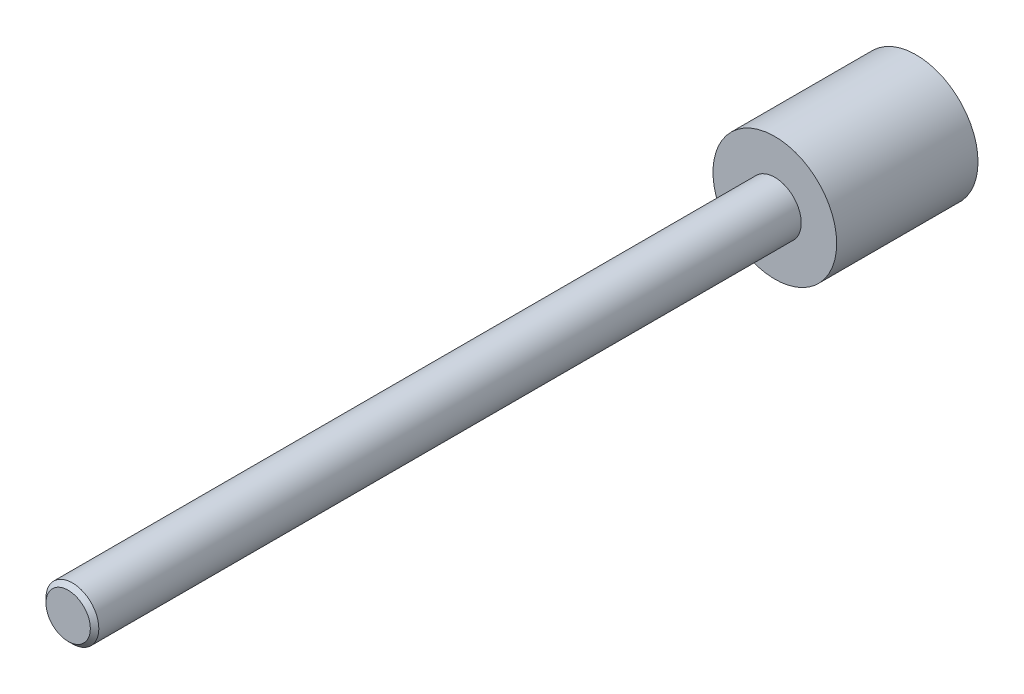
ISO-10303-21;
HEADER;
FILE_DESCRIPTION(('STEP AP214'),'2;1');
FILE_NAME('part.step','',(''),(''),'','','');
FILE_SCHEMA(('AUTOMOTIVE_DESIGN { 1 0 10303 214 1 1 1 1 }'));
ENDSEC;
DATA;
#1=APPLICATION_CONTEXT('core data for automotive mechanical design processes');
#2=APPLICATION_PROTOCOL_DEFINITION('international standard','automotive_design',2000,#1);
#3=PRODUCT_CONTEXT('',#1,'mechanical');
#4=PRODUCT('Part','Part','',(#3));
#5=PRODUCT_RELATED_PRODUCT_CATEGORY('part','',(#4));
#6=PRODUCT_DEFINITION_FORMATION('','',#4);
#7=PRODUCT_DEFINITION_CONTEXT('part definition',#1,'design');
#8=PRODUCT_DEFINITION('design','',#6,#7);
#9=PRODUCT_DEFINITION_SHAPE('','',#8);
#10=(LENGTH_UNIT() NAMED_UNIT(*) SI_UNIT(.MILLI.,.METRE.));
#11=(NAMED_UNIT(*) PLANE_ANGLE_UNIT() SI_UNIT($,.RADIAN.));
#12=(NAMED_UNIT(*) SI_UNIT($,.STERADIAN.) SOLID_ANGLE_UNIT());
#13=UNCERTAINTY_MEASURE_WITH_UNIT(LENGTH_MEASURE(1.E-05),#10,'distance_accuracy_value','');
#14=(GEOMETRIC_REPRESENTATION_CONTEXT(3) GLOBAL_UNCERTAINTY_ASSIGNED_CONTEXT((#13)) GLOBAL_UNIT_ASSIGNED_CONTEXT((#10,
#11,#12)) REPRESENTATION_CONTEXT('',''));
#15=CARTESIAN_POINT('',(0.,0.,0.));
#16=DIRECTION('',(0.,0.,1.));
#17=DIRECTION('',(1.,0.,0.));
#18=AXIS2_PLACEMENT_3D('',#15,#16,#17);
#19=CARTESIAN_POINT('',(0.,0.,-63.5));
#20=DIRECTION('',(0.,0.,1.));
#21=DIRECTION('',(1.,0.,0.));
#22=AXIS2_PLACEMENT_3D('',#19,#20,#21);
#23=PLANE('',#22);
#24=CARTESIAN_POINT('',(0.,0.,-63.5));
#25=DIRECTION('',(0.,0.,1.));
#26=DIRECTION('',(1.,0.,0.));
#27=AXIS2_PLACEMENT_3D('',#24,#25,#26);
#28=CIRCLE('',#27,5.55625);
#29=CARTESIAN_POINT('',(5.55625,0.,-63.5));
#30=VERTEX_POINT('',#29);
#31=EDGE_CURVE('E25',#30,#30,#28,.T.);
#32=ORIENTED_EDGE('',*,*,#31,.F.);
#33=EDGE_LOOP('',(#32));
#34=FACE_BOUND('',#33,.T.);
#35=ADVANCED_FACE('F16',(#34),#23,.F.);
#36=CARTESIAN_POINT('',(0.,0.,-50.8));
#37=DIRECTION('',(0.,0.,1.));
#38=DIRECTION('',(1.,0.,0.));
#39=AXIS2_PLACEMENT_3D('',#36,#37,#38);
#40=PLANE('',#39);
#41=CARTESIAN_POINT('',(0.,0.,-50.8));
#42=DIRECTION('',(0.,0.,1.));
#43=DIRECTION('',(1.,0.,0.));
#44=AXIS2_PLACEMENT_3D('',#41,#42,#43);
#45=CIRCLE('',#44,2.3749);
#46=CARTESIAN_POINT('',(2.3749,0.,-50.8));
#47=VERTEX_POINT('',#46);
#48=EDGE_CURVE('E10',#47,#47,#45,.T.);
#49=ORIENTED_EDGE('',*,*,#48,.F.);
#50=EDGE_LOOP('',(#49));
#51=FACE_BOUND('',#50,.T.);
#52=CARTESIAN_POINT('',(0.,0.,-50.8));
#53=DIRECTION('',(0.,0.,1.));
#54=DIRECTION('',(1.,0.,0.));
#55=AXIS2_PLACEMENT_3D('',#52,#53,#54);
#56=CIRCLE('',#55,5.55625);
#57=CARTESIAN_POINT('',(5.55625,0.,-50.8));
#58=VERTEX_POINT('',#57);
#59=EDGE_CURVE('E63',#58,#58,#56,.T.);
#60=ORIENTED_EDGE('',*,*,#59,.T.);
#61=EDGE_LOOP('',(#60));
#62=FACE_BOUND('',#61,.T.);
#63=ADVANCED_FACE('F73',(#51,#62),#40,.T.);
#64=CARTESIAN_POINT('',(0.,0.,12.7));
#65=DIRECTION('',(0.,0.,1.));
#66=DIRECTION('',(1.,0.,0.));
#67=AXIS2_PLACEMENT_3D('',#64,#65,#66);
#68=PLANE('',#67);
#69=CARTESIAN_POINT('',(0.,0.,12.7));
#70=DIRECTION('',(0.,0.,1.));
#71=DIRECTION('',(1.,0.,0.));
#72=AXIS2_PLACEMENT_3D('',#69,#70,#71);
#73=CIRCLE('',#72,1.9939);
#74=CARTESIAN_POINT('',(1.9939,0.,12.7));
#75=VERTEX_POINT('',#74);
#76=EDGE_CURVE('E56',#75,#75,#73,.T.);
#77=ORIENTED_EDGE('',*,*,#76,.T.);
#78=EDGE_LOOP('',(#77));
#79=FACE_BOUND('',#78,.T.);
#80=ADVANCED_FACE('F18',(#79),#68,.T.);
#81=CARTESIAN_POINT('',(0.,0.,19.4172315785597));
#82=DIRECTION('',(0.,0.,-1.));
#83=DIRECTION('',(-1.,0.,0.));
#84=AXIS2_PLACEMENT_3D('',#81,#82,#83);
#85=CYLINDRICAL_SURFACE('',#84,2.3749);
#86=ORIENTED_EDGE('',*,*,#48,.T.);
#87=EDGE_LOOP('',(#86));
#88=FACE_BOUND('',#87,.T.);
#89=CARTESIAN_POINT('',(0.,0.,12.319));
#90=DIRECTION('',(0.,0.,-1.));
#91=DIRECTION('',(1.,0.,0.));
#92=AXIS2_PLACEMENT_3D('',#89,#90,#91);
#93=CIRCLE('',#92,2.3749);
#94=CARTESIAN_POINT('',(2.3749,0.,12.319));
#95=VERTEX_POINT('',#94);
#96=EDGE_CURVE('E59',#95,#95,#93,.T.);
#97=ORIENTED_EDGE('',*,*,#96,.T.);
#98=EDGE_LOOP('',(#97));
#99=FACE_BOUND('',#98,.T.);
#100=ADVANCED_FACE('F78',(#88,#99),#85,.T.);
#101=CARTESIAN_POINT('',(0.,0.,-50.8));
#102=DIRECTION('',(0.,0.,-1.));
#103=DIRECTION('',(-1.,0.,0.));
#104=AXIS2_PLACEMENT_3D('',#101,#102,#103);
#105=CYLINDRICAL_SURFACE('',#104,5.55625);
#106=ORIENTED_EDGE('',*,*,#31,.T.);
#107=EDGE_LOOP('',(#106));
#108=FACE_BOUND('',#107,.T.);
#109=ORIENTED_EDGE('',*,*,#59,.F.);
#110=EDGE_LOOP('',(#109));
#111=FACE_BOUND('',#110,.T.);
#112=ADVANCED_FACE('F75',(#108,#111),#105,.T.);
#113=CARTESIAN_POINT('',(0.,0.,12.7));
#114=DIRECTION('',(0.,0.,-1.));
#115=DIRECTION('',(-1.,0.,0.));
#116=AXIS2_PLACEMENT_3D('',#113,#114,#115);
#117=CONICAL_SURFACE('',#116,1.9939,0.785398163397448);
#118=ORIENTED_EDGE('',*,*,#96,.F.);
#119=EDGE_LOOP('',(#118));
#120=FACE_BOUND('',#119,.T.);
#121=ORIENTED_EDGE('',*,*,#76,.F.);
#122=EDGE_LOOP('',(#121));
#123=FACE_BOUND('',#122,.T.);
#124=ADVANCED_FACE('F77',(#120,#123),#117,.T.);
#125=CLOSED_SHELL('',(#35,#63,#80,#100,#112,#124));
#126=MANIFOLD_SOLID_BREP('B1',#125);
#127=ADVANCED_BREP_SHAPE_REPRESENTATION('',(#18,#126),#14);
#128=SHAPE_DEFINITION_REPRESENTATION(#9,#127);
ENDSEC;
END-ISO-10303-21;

*PROBLEM STATEMENT*.
Copy the lines above exactly. Start with the line containing "#92=AXIS2_PLACEMENT_3D('',#89,#90,#91);", end with the line containing "#127=ADVANCED_BREP_SHAPE_REPRESENTATION('',(#18,#126),#14);", and include both.

*ANSWER SPACE*.
#92=AXIS2_PLACEMENT_3D('',#89,#90,#91);
#93=CIRCLE('',#92,2.3749);
#94=CARTESIAN_POINT('',(2.3749,0.,12.319));
#95=VERTEX_POINT('',#94);
#96=EDGE_CURVE('E59',#95,#95,#93,.T.);
#97=ORIENTED_EDGE('',*,*,#96,.T.);
#98=EDGE_LOOP('',(#97));
#99=FACE_BOUND('',#98,.T.);
#100=ADVANCED_FACE('F78',(#88,#99),#85,.T.);
#101=CARTESIAN_POINT('',(0.,0.,-50.8));
#102=DIRECTION('',(0.,0.,-1.));
#103=DIRECTION('',(-1.,0.,0.));
#104=AXIS2_PLACEMENT_3D('',#101,#102,#103);
#105=CYLINDRICAL_SURFACE('',#104,5.55625);
#106=ORIENTED_EDGE('',*,*,#31,.T.);
#107=EDGE_LOOP('',(#106));
#108=FACE_BOUND('',#107,.T.);
#109=ORIENTED_EDGE('',*,*,#59,.F.);
#110=EDGE_LOOP('',(#109));
#111=FACE_BOUND('',#110,.T.);
#112=ADVANCED_FACE('F75',(#108,#111),#105,.T.);
#113=CARTESIAN_POINT('',(0.,0.,12.7));
#114=DIRECTION('',(0.,0.,-1.));
#115=DIRECTION('',(-1.,0.,0.));
#116=AXIS2_PLACEMENT_3D('',#113,#114,#115);
#117=CONICAL_SURFACE('',#116,1.9939,0.785398163397448);
#118=ORIENTED_EDGE('',*,*,#96,.F.);
#119=EDGE_LOOP('',(#118));
#120=FACE_BOUND('',#119,.T.);
#121=ORIENTED_EDGE('',*,*,#76,.F.);
#122=EDGE_LOOP('',(#121));
#123=FACE_BOUND('',#122,.T.);
#124=ADVANCED_FACE('F77',(#120,#123),#117,.T.);
#125=CLOSED_SHELL('',(#35,#63,#80,#100,#112,#124));
#126=MANIFOLD_SOLID_BREP('B1',#125);
#127=ADVANCED_BREP_SHAPE_REPRESENTATION('',(#18,#126),#14);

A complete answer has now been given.